If the problem has been resolved by an update of pingora, please disregard it.
// ver. 0.3.0 async fn request_filter(&self, session: &mut Session, ctx: &mut Self::CTX) -> Result<bool> where Self::CTX: Send + Sync { // any process... session.enable_retry_buffering(); session.read_body_or_idle(false).await.unwrap().unwrap(); let request_body = session.get_retry_buffer(); // any process... }
That actually fixes my issue too.
@maclo2012 If the request body content is small, there's no problem, but what should be done if the request body content is large? This seems to only read a small portion of the request body. It needs to read in a loop, but after looping, it cannot call session.get_retry_buffer to return the content.

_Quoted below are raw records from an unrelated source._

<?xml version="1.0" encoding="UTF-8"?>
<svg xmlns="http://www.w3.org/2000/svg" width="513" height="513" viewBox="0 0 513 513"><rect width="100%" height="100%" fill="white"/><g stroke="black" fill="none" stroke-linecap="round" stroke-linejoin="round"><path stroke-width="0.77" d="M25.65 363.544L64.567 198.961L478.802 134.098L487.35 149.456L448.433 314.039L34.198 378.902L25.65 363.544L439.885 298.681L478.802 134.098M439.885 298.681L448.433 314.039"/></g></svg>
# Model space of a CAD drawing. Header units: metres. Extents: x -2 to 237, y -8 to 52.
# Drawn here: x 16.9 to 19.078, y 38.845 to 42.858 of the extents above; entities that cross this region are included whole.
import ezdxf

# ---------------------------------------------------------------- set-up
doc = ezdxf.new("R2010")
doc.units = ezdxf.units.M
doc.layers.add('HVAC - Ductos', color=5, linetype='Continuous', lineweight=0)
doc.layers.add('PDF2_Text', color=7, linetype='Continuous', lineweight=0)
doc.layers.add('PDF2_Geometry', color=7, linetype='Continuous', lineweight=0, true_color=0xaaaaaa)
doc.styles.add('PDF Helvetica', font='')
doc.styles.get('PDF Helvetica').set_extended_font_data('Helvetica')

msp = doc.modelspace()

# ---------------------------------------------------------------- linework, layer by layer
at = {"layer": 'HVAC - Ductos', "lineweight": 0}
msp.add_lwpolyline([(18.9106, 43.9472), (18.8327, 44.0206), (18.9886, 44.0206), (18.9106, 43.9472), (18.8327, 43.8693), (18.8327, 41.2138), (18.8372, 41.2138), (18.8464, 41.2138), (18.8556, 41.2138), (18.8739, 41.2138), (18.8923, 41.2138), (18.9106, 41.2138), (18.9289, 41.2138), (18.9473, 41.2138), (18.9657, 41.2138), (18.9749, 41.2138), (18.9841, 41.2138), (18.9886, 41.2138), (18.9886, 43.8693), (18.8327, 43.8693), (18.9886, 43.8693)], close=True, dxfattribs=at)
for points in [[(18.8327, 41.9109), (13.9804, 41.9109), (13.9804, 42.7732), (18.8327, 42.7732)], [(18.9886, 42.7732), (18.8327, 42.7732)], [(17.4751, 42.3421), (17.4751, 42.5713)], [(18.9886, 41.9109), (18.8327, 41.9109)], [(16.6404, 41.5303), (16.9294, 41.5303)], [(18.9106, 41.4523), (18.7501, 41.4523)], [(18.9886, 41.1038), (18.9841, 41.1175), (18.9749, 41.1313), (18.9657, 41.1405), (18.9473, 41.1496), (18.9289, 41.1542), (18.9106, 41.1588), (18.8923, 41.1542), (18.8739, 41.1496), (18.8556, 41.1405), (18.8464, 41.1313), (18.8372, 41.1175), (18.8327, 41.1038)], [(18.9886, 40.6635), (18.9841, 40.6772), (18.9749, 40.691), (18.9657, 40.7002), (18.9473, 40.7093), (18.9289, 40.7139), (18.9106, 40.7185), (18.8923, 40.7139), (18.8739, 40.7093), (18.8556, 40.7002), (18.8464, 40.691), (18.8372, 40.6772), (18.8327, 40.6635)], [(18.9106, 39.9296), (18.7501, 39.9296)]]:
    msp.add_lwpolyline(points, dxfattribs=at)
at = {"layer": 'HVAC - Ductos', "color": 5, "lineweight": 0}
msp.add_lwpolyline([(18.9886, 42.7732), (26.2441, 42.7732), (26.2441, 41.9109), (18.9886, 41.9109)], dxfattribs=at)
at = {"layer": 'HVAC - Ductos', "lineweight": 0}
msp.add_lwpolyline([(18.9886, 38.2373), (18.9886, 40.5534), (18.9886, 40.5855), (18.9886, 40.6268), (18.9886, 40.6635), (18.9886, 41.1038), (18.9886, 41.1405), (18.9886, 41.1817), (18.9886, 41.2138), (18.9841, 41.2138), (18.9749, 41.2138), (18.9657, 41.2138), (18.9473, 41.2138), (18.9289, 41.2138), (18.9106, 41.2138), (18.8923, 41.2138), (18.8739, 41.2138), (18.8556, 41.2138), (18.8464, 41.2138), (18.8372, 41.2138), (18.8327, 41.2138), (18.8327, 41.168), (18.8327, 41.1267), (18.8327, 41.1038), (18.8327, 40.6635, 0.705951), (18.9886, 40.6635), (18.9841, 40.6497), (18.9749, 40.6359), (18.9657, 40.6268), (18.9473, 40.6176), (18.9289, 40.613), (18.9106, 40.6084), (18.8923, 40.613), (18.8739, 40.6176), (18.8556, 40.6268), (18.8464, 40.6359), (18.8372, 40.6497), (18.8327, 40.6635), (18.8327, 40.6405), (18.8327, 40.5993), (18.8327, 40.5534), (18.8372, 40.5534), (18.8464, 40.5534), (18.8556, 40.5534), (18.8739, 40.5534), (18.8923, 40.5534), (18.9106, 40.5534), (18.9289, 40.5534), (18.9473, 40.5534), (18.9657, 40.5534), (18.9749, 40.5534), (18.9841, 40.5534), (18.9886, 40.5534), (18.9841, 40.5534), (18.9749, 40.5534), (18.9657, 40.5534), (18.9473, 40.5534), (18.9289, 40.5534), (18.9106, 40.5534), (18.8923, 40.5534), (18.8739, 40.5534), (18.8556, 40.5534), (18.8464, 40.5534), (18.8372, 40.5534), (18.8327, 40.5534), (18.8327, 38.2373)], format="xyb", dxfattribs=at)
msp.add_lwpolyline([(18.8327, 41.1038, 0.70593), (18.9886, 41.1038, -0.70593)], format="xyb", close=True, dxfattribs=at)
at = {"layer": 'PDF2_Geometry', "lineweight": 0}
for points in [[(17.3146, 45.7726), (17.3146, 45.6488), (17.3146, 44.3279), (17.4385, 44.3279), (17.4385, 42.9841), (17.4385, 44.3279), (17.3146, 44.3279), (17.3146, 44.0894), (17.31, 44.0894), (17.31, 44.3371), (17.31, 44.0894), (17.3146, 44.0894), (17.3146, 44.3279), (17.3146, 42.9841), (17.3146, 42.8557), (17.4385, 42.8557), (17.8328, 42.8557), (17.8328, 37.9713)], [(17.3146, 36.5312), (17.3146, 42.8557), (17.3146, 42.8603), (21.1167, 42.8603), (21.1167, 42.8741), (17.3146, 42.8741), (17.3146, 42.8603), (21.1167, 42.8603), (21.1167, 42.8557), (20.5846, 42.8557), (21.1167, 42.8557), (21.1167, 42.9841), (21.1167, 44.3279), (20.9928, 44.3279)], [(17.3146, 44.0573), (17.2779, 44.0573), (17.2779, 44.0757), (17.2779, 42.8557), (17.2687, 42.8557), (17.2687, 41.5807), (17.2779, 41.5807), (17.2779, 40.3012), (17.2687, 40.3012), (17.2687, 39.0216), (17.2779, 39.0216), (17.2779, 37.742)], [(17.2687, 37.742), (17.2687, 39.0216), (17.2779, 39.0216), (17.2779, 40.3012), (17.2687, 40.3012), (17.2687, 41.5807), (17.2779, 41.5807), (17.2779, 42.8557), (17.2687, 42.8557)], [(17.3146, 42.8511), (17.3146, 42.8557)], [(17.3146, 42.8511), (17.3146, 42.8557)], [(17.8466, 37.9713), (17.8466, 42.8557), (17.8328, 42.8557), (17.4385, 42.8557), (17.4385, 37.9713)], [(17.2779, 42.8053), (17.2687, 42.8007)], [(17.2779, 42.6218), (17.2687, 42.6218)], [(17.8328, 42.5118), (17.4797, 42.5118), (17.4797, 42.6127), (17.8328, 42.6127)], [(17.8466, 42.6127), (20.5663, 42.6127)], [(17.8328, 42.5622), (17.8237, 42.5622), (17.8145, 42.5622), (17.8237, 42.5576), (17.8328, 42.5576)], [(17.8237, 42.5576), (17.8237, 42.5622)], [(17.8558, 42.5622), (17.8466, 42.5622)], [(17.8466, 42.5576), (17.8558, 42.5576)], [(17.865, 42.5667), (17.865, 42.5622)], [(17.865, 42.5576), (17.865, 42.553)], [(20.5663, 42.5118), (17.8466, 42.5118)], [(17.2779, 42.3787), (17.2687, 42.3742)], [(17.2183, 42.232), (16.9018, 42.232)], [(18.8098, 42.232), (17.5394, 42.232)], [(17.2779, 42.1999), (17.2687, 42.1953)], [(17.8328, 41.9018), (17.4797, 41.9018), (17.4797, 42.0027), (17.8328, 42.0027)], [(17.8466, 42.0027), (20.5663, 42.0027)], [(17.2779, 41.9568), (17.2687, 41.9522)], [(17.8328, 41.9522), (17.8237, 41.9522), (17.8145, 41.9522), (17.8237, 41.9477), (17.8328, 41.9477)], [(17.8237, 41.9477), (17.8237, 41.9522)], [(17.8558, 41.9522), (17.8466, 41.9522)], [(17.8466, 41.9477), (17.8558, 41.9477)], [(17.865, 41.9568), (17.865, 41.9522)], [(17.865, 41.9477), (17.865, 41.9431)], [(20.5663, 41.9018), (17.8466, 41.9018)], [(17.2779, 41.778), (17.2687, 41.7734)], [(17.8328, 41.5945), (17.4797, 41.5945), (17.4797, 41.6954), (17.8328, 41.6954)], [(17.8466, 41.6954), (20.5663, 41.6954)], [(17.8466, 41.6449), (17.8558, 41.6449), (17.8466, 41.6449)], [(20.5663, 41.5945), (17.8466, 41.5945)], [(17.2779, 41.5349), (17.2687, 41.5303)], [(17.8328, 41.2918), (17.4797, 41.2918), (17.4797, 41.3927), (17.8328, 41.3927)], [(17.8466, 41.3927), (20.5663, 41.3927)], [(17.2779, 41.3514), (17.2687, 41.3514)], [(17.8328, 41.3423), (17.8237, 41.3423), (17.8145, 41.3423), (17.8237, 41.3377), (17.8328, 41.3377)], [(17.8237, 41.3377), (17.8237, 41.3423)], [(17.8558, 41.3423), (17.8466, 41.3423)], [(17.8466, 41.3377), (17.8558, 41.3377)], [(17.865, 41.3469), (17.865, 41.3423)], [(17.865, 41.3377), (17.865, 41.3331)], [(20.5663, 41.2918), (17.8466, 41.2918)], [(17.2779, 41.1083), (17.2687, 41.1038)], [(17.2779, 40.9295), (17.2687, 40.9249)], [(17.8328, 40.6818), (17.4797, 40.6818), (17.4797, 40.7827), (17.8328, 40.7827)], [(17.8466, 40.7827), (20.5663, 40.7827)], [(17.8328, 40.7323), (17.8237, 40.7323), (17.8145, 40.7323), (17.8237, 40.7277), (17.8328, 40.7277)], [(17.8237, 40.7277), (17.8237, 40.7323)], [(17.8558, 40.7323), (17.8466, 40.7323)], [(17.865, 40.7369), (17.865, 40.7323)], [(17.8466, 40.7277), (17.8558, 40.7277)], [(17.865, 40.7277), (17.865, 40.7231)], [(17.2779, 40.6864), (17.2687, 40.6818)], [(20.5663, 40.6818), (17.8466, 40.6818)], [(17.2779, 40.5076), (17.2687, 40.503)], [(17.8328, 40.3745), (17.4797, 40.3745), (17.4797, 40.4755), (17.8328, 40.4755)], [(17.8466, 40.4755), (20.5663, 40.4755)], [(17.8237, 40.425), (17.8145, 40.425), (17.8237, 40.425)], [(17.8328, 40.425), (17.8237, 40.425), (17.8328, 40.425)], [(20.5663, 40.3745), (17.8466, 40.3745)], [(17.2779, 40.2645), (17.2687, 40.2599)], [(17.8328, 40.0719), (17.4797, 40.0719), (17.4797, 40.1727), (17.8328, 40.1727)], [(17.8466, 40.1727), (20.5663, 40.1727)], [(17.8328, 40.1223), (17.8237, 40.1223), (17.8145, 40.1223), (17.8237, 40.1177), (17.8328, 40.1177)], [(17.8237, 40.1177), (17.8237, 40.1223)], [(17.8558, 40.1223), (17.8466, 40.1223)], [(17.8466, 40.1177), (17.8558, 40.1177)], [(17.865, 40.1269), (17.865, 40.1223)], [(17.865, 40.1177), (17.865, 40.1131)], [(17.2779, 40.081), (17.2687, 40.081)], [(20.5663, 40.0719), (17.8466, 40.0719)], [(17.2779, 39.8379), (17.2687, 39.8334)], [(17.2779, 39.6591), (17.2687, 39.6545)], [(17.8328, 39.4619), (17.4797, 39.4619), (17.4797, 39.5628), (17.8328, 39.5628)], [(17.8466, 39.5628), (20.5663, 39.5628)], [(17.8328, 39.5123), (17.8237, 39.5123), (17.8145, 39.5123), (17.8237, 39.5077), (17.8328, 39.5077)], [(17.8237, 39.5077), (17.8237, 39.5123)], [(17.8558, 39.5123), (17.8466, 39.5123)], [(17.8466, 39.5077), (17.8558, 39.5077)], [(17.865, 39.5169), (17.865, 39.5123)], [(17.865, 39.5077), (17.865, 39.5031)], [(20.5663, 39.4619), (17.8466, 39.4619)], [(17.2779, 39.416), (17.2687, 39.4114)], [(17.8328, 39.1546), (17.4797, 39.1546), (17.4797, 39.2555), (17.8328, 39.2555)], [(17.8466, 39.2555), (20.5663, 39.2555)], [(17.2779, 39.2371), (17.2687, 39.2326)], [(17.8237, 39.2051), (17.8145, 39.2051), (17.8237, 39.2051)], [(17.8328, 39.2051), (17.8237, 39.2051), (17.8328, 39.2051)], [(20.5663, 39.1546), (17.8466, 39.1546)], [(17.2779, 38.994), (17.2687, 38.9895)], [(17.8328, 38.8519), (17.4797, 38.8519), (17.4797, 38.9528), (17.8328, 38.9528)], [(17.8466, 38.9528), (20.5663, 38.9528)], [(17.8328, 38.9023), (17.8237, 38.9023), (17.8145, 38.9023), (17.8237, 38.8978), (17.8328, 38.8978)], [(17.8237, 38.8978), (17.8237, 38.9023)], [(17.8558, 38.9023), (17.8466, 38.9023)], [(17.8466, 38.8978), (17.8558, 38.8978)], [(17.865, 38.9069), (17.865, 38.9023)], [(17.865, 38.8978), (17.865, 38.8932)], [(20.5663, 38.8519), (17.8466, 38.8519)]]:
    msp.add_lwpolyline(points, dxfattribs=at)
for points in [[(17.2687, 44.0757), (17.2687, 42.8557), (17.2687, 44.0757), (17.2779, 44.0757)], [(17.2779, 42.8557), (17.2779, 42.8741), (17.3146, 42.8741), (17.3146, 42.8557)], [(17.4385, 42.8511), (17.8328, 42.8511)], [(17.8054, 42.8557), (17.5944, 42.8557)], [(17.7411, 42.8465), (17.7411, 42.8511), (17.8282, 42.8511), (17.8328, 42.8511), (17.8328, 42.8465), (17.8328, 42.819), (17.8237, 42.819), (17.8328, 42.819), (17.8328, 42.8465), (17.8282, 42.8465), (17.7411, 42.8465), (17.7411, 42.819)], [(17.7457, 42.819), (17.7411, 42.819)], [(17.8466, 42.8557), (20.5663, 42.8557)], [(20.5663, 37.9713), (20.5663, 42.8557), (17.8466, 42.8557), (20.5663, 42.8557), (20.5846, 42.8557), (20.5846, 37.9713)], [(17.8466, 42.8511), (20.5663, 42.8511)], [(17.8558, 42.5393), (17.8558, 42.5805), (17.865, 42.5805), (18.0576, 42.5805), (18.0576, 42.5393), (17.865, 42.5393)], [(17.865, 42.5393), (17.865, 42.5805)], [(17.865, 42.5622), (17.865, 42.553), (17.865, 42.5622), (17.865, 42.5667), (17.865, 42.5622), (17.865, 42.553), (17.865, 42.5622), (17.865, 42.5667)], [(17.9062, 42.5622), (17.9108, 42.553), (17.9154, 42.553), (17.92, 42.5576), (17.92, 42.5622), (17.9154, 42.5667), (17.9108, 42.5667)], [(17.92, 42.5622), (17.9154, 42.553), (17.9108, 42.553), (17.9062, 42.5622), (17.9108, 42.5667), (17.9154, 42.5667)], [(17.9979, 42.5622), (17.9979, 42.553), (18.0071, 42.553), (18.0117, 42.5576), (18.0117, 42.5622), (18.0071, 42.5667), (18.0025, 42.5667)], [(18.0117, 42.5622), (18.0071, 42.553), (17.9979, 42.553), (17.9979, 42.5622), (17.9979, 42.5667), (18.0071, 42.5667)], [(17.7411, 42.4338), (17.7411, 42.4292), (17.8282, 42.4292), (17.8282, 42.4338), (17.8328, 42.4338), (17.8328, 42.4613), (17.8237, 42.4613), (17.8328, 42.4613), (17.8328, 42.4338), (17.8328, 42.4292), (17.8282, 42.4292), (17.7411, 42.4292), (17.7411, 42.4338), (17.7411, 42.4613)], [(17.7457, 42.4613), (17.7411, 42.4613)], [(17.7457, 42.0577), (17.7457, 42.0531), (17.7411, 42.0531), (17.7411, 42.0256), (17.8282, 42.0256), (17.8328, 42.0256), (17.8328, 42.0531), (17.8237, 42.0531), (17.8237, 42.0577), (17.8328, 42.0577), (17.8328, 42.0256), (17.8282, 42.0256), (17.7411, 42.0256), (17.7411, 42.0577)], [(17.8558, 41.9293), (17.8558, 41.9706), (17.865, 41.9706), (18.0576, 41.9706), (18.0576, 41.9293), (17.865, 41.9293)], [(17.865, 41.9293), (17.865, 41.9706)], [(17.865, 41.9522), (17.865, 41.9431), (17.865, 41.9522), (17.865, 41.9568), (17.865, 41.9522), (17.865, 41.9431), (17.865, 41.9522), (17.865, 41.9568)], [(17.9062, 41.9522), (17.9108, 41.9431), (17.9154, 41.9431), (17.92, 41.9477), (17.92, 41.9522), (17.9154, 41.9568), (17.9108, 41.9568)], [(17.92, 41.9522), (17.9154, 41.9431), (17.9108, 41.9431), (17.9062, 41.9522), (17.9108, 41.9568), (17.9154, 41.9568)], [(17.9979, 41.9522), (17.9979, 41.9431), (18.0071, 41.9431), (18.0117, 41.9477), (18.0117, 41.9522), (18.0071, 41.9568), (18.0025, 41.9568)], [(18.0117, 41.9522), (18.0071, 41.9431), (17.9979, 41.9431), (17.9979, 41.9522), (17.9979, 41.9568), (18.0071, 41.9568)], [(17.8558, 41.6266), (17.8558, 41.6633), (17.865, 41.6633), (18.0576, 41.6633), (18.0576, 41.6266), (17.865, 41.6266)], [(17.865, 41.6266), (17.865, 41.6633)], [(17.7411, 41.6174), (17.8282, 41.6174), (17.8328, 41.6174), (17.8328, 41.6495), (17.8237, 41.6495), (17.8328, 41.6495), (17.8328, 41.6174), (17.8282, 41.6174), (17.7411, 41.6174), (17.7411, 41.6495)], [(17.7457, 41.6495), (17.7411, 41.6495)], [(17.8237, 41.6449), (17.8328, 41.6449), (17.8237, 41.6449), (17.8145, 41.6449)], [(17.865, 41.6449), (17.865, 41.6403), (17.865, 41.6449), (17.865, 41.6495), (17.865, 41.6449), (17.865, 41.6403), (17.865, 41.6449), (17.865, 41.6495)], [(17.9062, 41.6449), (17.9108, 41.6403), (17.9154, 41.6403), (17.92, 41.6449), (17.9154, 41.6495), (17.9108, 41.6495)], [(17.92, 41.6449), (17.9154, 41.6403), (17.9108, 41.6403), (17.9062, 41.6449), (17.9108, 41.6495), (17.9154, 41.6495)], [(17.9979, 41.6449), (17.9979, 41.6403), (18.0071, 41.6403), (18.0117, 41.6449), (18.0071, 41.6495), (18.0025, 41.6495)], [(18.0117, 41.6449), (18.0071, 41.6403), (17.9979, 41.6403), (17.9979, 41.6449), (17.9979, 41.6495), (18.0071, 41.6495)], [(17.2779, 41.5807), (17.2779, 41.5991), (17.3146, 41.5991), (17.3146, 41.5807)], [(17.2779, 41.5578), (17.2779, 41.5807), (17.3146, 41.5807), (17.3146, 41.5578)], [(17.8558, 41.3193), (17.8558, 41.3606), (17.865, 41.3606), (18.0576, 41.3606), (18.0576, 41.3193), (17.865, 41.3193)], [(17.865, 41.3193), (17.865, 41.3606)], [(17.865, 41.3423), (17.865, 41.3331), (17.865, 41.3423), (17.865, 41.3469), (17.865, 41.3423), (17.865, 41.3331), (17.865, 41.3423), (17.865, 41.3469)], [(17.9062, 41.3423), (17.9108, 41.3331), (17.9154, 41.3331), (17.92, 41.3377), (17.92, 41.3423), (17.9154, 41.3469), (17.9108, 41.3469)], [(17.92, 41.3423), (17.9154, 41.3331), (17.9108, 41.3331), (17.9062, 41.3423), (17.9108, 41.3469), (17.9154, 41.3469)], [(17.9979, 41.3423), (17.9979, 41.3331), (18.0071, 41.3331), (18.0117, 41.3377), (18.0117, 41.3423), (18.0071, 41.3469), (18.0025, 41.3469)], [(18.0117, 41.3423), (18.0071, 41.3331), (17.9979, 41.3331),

@maclo2012 , @netrice This solution does only work for a body size up to 64 KiBi. Otherwise the retry buffer will be truncated.
This does seem to be an issue, but would it be feasible to increase the retry buffer to a sufficiently large value? In my case, the body is relatively small than 64K.
We added a feature flag to use a spoolfile as a retry buffer here: https://github.com/lindenbaum/pingora/tree/feature/retry_buffer_tempfile
We didn't open a PR, because
- Its probably a niche use case
- We are handling AI requests to LLMs, which will take long anyway, so we didn't mind totally destroying pingoras performance by waiting for the writes to disk to happen before the proxy event loop continues and waiting for the disk load to happen before entering the proxy event loop. One could mitigate this by using an actor and a task queue for the writes and altering the event loop not to send the whole retry buffer at the top, but reading it piece by piece and sending the individual pieces before reading the next one, giving upstream the possibility to send a piece of the response before we event sent the whole retry_buffer (a bit like it is done with caching, but way less complex).
So if you want to try it out, keep that in mind.